*** Block opens ***

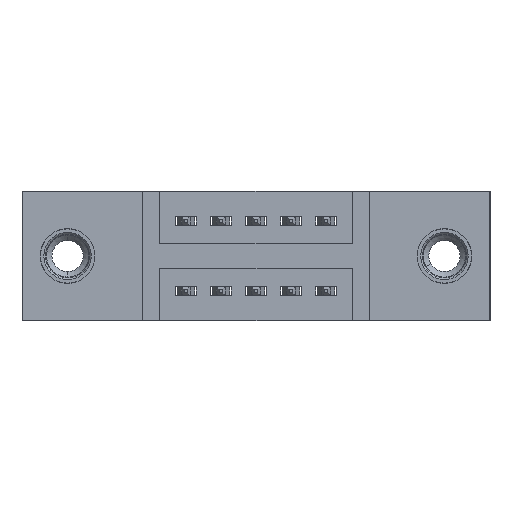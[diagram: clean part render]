
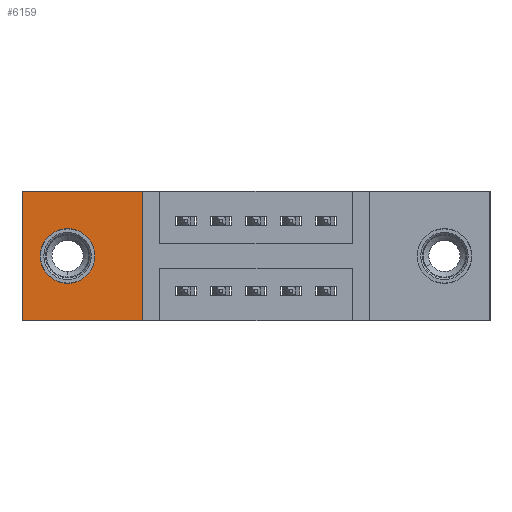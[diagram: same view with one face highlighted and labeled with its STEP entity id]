
A CAD part, front view. The second image highlights one B-rep face of the part: STEP entity #6159.
In plain terms, the highlighted planar face has unit normal (0, -1, 0).
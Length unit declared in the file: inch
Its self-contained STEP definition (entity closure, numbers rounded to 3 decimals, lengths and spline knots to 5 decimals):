
#253 = DIRECTION ( 'NONE',  ( 0., -1., 0. ) ) ;
#336 = FACE_OUTER_BOUND ( 'NONE', #6289, .T. ) ;
#676 = VECTOR ( 'NONE', #4804, 39.37008 ) ;
#679 = CARTESIAN_POINT ( 'NONE',  ( 0., 0.11, 0. ) ) ;
#683 = CARTESIAN_POINT ( 'NONE',  ( 0., 0.11, -0.37 ) ) ;
#996 = LINE ( 'NONE', #6317, #2671 ) ;
#1538 = EDGE_CURVE ( 'NONE', #3390, #9968, #996, .T. ) ;
#1931 = LINE ( 'NONE', #683, #676 ) ;
#2006 = VERTEX_POINT ( 'NONE', #4005 ) ;
#2058 = DIRECTION ( 'NONE',  ( 0., 0., 1. ) ) ;
#2111 = VERTEX_POINT ( 'NONE', #9050 ) ;
#2622 = CARTESIAN_POINT ( 'NONE',  ( 0., 0.11, -0.37 ) ) ;
#2671 = VECTOR ( 'NONE', #4261, 39.37008 ) ;
#3346 = FACE_BOUND ( 'NONE', #5679, .T. ) ;
#3390 = VERTEX_POINT ( 'NONE', #4151 ) ;
#3796 = DIRECTION ( 'NONE',  ( 0., 0., -1. ) ) ;
#4005 = CARTESIAN_POINT ( 'NONE',  ( 0.13, 0.11, -0.263 ) ) ;
#4123 = EDGE_CURVE ( 'NONE', #6091, #2006, #8700, .T. ) ;
#4151 = CARTESIAN_POINT ( 'NONE',  ( 0.3425, 0.11, 0. ) ) ;
#4261 = DIRECTION ( 'NONE',  ( -1., 0., 0. ) ) ;
#4541 = CARTESIAN_POINT ( 'NONE',  ( 0.3425, 0.11, 0. ) ) ;
#4566 = DIRECTION ( 'NONE',  ( 0., 0., -1. ) ) ;
#4663 = AXIS2_PLACEMENT_3D ( 'NONE', #5704, #253, #8913 ) ;
#4804 = DIRECTION ( 'NONE',  ( 1., 0., 0. ) ) ;
#4822 = ORIENTED_EDGE ( 'NONE', *, *, #8238, .F. ) ;
#5277 = VECTOR ( 'NONE', #2058, 39.37008 ) ;
#5367 = CARTESIAN_POINT ( 'NONE',  ( 0., 0.11, 0. ) ) ;
#5679 = EDGE_LOOP ( 'NONE', ( #8273, #4822 ) ) ;
#5704 = CARTESIAN_POINT ( 'NONE',  ( 0., 0.11, -0.37 ) ) ;
#6020 = ORIENTED_EDGE ( 'NONE', *, *, #1538, .T. ) ;
#6091 = VERTEX_POINT ( 'NONE', #9109 ) ;
#6146 = ORIENTED_EDGE ( 'NONE', *, *, #7602, .T. ) ;
#6152 = CARTESIAN_POINT ( 'NONE',  ( 0.13, 0.11, -0.185 ) ) ;
#6159 = ADVANCED_FACE ( 'NONE', ( #3346, #336 ), #7388, .T. ) ;
#6289 = EDGE_LOOP ( 'NONE', ( #7187, #6146, #9529, #6020 ) ) ;
#6317 = CARTESIAN_POINT ( 'NONE',  ( 0., 0.11, 0. ) ) ;
#6930 = DIRECTION ( 'NONE',  ( 0., -1., 0. ) ) ;
#6946 = DIRECTION ( 'NONE',  ( 0., -1., 0. ) ) ;
#7187 = ORIENTED_EDGE ( 'NONE', *, *, #9940, .T. ) ;
#7388 = PLANE ( 'NONE',  #4663 ) ;
#7602 = EDGE_CURVE ( 'NONE', #10164, #2111, #1931, .T. ) ;
#7757 = DIRECTION ( 'NONE',  ( 0., 0., -1. ) ) ;
#7812 = AXIS2_PLACEMENT_3D ( 'NONE', #10194, #6946, #7757 ) ;
#7953 = EDGE_CURVE ( 'NONE', #2111, #3390, #9340, .T. ) ;
#8238 = EDGE_CURVE ( 'NONE', #2006, #6091, #9931, .T. ) ;
#8273 = ORIENTED_EDGE ( 'NONE', *, *, #4123, .F. ) ;
#8447 = AXIS2_PLACEMENT_3D ( 'NONE', #6152, #6930, #4566 ) ;
#8643 = VECTOR ( 'NONE', #3796, 39.37008 ) ;
#8700 = CIRCLE ( 'NONE', #7812, 0.078 ) ;
#8893 = LINE ( 'NONE', #5367, #8643 ) ;
#8913 = DIRECTION ( 'NONE',  ( 0., 0., -1. ) ) ;
#9050 = CARTESIAN_POINT ( 'NONE',  ( 0.3425, 0.11, -0.37 ) ) ;
#9109 = CARTESIAN_POINT ( 'NONE',  ( 0.13, 0.11, -0.107 ) ) ;
#9340 = LINE ( 'NONE', #4541, #5277 ) ;
#9529 = ORIENTED_EDGE ( 'NONE', *, *, #7953, .T. ) ;
#9931 = CIRCLE ( 'NONE', #8447, 0.078 ) ;
#9940 = EDGE_CURVE ( 'NONE', #9968, #10164, #8893, .T. ) ;
#9968 = VERTEX_POINT ( 'NONE', #679 ) ;
#10164 = VERTEX_POINT ( 'NONE', #2622 ) ;
#10194 = CARTESIAN_POINT ( 'NONE',  ( 0.13, 0.11, -0.185 ) ) ;

*** Block closes ***

= WORK INSTRUCTIONS =
If a record holds a picture, leave the picture out, but repeat every line exactly.

= ANSWER BELOW =
[diagram: clean part render]
[diagram: same view with one face highlighted and labeled with its STEP entity id]
A CAD part, front view. The second image highlights one B-rep face of the part: STEP entity #6159.
In plain terms, the highlighted planar face has unit normal (0, -1, 0).
Length unit declared in the file: inch
Its self-contained STEP definition (entity closure, numbers rounded to 3 decimals, lengths and spline knots to 5 decimals):
#253 = DIRECTION ( 'NONE',  ( 0., -1., 0. ) ) ;
#336 = FACE_OUTER_BOUND ( 'NONE', #6289, .T. ) ;
#676 = VECTOR ( 'NONE', #4804, 39.37008 ) ;
#679 = CARTESIAN_POINT ( 'NONE',  ( 0., 0.11, 0. ) ) ;
#683 = CARTESIAN_POINT ( 'NONE',  ( 0., 0.11, -0.37 ) ) ;
#996 = LINE ( 'NONE', #6317, #2671 ) ;
#1538 = EDGE_CURVE ( 'NONE', #3390, #9968, #996, .T. ) ;
#1931 = LINE ( 'NONE', #683, #676 ) ;
#2006 = VERTEX_POINT ( 'NONE', #4005 ) ;
#2058 = DIRECTION ( 'NONE',  ( 0., 0., 1. ) ) ;
#2111 = VERTEX_POINT ( 'NONE', #9050 ) ;
#2622 = CARTESIAN_POINT ( 'NONE',  ( 0., 0.11, -0.37 ) ) ;
#2671 = VECTOR ( 'NONE', #4261, 39.37008 ) ;
#3346 = FACE_BOUND ( 'NONE', #5679, .T. ) ;
#3390 = VERTEX_POINT ( 'NONE', #4151 ) ;
#3796 = DIRECTION ( 'NONE',  ( 0., 0., -1. ) ) ;
#4005 = CARTESIAN_POINT ( 'NONE',  ( 0.13, 0.11, -0.263 ) ) ;
#4123 = EDGE_CURVE ( 'NONE', #6091, #2006, #8700, .T. ) ;
#4151 = CARTESIAN_POINT ( 'NONE',  ( 0.3425, 0.11, 0. ) ) ;
#4261 = DIRECTION ( 'NONE',  ( -1., 0., 0. ) ) ;
#4541 = CARTESIAN_POINT ( 'NONE',  ( 0.3425, 0.11, 0. ) ) ;
#4566 = DIRECTION ( 'NONE',  ( 0., 0., -1. ) ) ;
#4663 = AXIS2_PLACEMENT_3D ( 'NONE', #5704, #253, #8913 ) ;
#4804 = DIRECTION ( 'NONE',  ( 1., 0., 0. ) ) ;
#4822 = ORIENTED_EDGE ( 'NONE', *, *, #8238, .F. ) ;
#5277 = VECTOR ( 'NONE', #2058, 39.37008 ) ;
#5367 = CARTESIAN_POINT ( 'NONE',  ( 0., 0.11, 0. ) ) ;
#5679 = EDGE_LOOP ( 'NONE', ( #8273, #4822 ) ) ;
#5704 = CARTESIAN_POINT ( 'NONE',  ( 0., 0.11, -0.37 ) ) ;
#6020 = ORIENTED_EDGE ( 'NONE', *, *, #1538, .T. ) ;
#6091 = VERTEX_POINT ( 'NONE', #9109 ) ;
#6146 = ORIENTED_EDGE ( 'NONE', *, *, #7602, .T. ) ;
#6152 = CARTESIAN_POINT ( 'NONE',  ( 0.13, 0.11, -0.185 ) ) ;
#6159 = ADVANCED_FACE ( 'NONE', ( #3346, #336 ), #7388, .T. ) ;
#6289 = EDGE_LOOP ( 'NONE', ( #7187, #6146, #9529, #6020 ) ) ;
#6317 = CARTESIAN_POINT ( 'NONE',  ( 0., 0.11, 0. ) ) ;
#6930 = DIRECTION ( 'NONE',  ( 0., -1., 0. ) ) ;
#6946 = DIRECTION ( 'NONE',  ( 0., -1., 0. ) ) ;
#7187 = ORIENTED_EDGE ( 'NONE', *, *, #9940, .T. ) ;
#7388 = PLANE ( 'NONE',  #4663 ) ;
#7602 = EDGE_CURVE ( 'NONE', #10164, #2111, #1931, .T. ) ;
#7757 = DIRECTION ( 'NONE',  ( 0., 0., -1. ) ) ;
#7812 = AXIS2_PLACEMENT_3D ( 'NONE', #10194, #6946, #7757 ) ;
#7953 = EDGE_CURVE ( 'NONE', #2111, #3390, #9340, .T. ) ;
#8238 = EDGE_CURVE ( 'NONE', #2006, #6091, #9931, .T. ) ;
#8273 = ORIENTED_EDGE ( 'NONE', *, *, #4123, .F. ) ;
#8447 = AXIS2_PLACEMENT_3D ( 'NONE', #6152, #6930, #4566 ) ;
#8643 = VECTOR ( 'NONE', #3796, 39.37008 ) ;
#8700 = CIRCLE ( 'NONE', #7812, 0.078 ) ;
#8893 = LINE ( 'NONE', #5367, #8643 ) ;
#8913 = DIRECTION ( 'NONE',  ( 0., 0., -1. ) ) ;
#9050 = CARTESIAN_POINT ( 'NONE',  ( 0.3425, 0.11, -0.37 ) ) ;
#9109 = CARTESIAN_POINT ( 'NONE',  ( 0.13, 0.11, -0.107 ) ) ;
#9340 = LINE ( 'NONE', #4541, #5277 ) ;
#9529 = ORIENTED_EDGE ( 'NONE', *, *, #7953, .T. ) ;
#9931 = CIRCLE ( 'NONE', #8447, 0.078 ) ;
#9940 = EDGE_CURVE ( 'NONE', #9968, #10164, #8893, .T. ) ;
#9968 = VERTEX_POINT ( 'NONE', #679 ) ;
#10164 = VERTEX_POINT ( 'NONE', #2622 ) ;
#10194 = CARTESIAN_POINT ( 'NONE',  ( 0.13, 0.11, -0.185 ) ) ;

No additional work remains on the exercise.